Work to be completed:
Repeat each record exactly, skipping the pictures.

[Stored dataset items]

----------

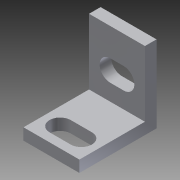
# Autodesk Inventor part: L bracket single
Saved by Autodesk Inventor 2014 SP1 (Build 180222100, 222)
## iProperties
Created: 2016-04-18
Part Number: L bracket single
Material: Generic
Document SubType Name: Modeling
Designer: Ben
Density: 1 g/cm^3
Appearance: Default
Author: Ben
Autodesk Inventor part; units mm, degrees
ref_plane "YZ Plane" through (0, 0, 0) normal (1, 0, 0) x (0, 1, 0)
ref_plane "XZ Plane" through (0, 0, 0) normal (0, 1, 0) x (-1, 0, 0)
ref_plane "XY Plane" through (0, 0, 0) normal (0, 0, 1) x (1, 0, 0)
sketch "Sketch1" plane through (0, 0, 0) normal (0, 0, 1) x (1, 0, 0)
  line L0 (-7.25, 10) -> (7.25, 10)
  line L1 (7.25, 10) -> (7.25, -10)
  line L2 (7.25, -10) -> (-7.25, -10)
  line L3 (-7.25, -10) -> (-7.25, 10)
  line L4 (0, 10) -> (0, -10) construction
  line L5 (-7.25, 0) -> (7.25, 0) construction
  line L6 (-1.75, 0) -> (1.75, 0) construction
  line L7 (-1.75, -2.75) -> (1.75, -2.75)
  line L8 (1.75, 2.75) -> (-1.75, 2.75)
  arc A0 (-1.75, 2.75) -> (-1.75, -2.75) centre (-1.75, 0) ccw
  arc A1 (1.75, -2.75) -> (1.75, 2.75) centre (1.75, 0) ccw
  point P0 (0, 0)
  point P1 (0, 0)
  dimension "d0" = 20
  dimension "d1" = 14.5
  dimension "d2" = 5.5
  dimension "d3" = 3.5
  dimension "d4" = 10
  constraints: 20 end point, 8 midpoint, 4 point on circle, 4 tangent, 3 parallel, 2 centre point, 2 perpendicular, 2 point on line, 1 horizontal
  measures "d0" distance of L2.end L0.start
  measures "d1" distance of L0.start L0.end
  measures "d2" diameter of A1
  measures "d3" distance of L6.end L6.start
  measures "d4" distance between parallel lines of L0 L5
extrude "Extrusion1" add sketch "Sketch1" along normal blind 3
sketch "Sketch2" plane through (0, 0, 3) normal (0, 0, 1) x (1, 0, 0)
  line L0 (7.25, -10) -> (7.25, 10) projected
  line L1 (-7.25, -10) -> (7.25, -10)
  line L2 (7.25, -10) -> (7.25, -7)
  line L3 (7.25, -7) -> (-7.25, -7)
  line L4 (-7.25, -7) -> (-7.25, -10)
  point P0 (0, 0)
  dimension "d7" = 3
  constraints: 8 end point, 2 parallel, 1 horizontal, 1 perpendicular, 1 point on line
  measures "d7" distance of L1.end L2.end
extrude "Extrusion2" add sketch "Sketch2" along normal blind 17
sketch "Sketch3" plane through (-7.25, -7, 3) normal (0, 1, 0) x (1, 0, 0)
  line L0 (0, 0) -> (0, -17) projected
  line L1 (14.5, -17) -> (0, -17) projected
  line L2 (14.5, 0) -> (14.5, -17) projected
  line L3 (0, -12) -> (14.5, -12) construction
  line L4 (4.5, -12) -> (10, -12) construction
  line L5 (4.5, -14.75) -> (10, -14.75)
  line L6 (10, -9.25) -> (4.5, -9.25)
  arc A0 (4.5, -9.25) -> (4.5, -14.75) centre (4.5, -12) ccw
  arc A1 (10, -14.75) -> (10, -9.25) centre (10, -12) ccw
  point P0 (7.25, 3)
  point P1 (7.25, -12)
  point P2 (7.25, -12)
  dimension "d10" = 5.5
  dimension "d11" = 5.5
  dimension "d12" = 5
  constraints: 10 end point, 4 point on circle, 4 point on line, 4 tangent, 2 centre point, 2 midpoint, 1 coincident, 1 parallel, 1 perpendicular
  measures "d10" diameter of A1
  measures "d11" distance of L4.end L4.start
  measures "d12" distance between parallel lines of L1 L3
extrude "Extrusion3" cut sketch "Sketch3" against normal up to surface (3 mm away)
ref_plane "Work Plane2" through (-5.5, -7, 15) normal (0, 0, 1) x (1, 0, 0)
body "Solid1"

----------

Written solution:
# Autodesk Inventor part: L bracket single
Saved by Autodesk Inventor 2014 SP1 (Build 180222100, 222)
## iProperties
Created: 2016-04-18
Part Number: L bracket single
Material: Generic
Document SubType Name: Modeling
Designer: Ben
Density: 1 g/cm^3
Appearance: Default
Author: Ben
Autodesk Inventor part; units mm, degrees
ref_plane "YZ Plane" through (0, 0, 0) normal (1, 0, 0) x (0, 1, 0)
ref_plane "XZ Plane" through (0, 0, 0) normal (0, 1, 0) x (-1, 0, 0)
ref_plane "XY Plane" through (0, 0, 0) normal (0, 0, 1) x (1, 0, 0)
sketch "Sketch1" plane through (0, 0, 0) normal (0, 0, 1) x (1, 0, 0)
  line L0 (-7.25, 10) -> (7.25, 10)
  line L1 (7.25, 10) -> (7.25, -10)
  line L2 (7.25, -10) -> (-7.25, -10)
  line L3 (-7.25, -10) -> (-7.25, 10)
  line L4 (0, 10) -> (0, -10) construction
  line L5 (-7.25, 0) -> (7.25, 0) construction
  line L6 (-1.75, 0) -> (1.75, 0) construction
  line L7 (-1.75, -2.75) -> (1.75, -2.75)
  line L8 (1.75, 2.75) -> (-1.75, 2.75)
  arc A0 (-1.75, 2.75) -> (-1.75, -2.75) centre (-1.75, 0) ccw
  arc A1 (1.75, -2.75) -> (1.75, 2.75) centre (1.75, 0) ccw
  point P0 (0, 0)
  point P1 (0, 0)
  dimension "d0" = 20
  dimension "d1" = 14.5
  dimension "d2" = 5.5
  dimension "d3" = 3.5
  dimension "d4" = 10
  constraints: 20 end point, 8 midpoint, 4 point on circle, 4 tangent, 3 parallel, 2 centre point, 2 perpendicular, 2 point on line, 1 horizontal
  measures "d0" distance of L2.end L0.start
  measures "d1" distance of L0.start L0.end
  measures "d2" diameter of A1
  measures "d3" distance of L6.end L6.start
  measures "d4" distance between parallel lines of L0 L5
extrude "Extrusion1" add sketch "Sketch1" along normal blind 3
sketch "Sketch2" plane through (0, 0, 3) normal (0, 0, 1) x (1, 0, 0)
  line L0 (7.25, -10) -> (7.25, 10) projected
  line L1 (-7.25, -10) -> (7.25, -10)
  line L2 (7.25, -10) -> (7.25, -7)
  line L3 (7.25, -7) -> (-7.25, -7)
  line L4 (-7.25, -7) -> (-7.25, -10)
  point P0 (0, 0)
  dimension "d7" = 3
  constraints: 8 end point, 2 parallel, 1 horizontal, 1 perpendicular, 1 point on line
  measures "d7" distance of L1.end L2.end
extrude "Extrusion2" add sketch "Sketch2" along normal blind 17
sketch "Sketch3" plane through (-7.25, -7, 3) normal (0, 1, 0) x (1, 0, 0)
  line L0 (0, 0) -> (0, -17) projected
  line L1 (14.5, -17) -> (0, -17) projected
  line L2 (14.5, 0) -> (14.5, -17) projected
  line L3 (0, -12) -> (14.5, -12) construction
  line L4 (4.5, -12) -> (10, -12) construction
  line L5 (4.5, -14.75) -> (10, -14.75)
  line L6 (10, -9.25) -> (4.5, -9.25)
  arc A0 (4.5, -9.25) -> (4.5, -14.75) centre (4.5, -12) ccw
  arc A1 (10, -14.75) -> (10, -9.25) centre (10, -12) ccw
  point P0 (7.25, 3)
  point P1 (7.25, -12)
  point P2 (7.25, -12)
  dimension "d10" = 5.5
  dimension "d11" = 5.5
  dimension "d12" = 5
  constraints: 10 end point, 4 point on circle, 4 point on line, 4 tangent, 2 centre point, 2 midpoint, 1 coincident, 1 parallel, 1 perpendicular
  measures "d10" diameter of A1
  measures "d11" distance of L4.end L4.start
  measures "d12" distance between parallel lines of L1 L3
extrude "Extrusion3" cut sketch "Sketch3" against normal up to surface (3 mm away)
ref_plane "Work Plane2" through (-5.5, -7, 15) normal (0, 0, 1) x (1, 0, 0)
body "Solid1"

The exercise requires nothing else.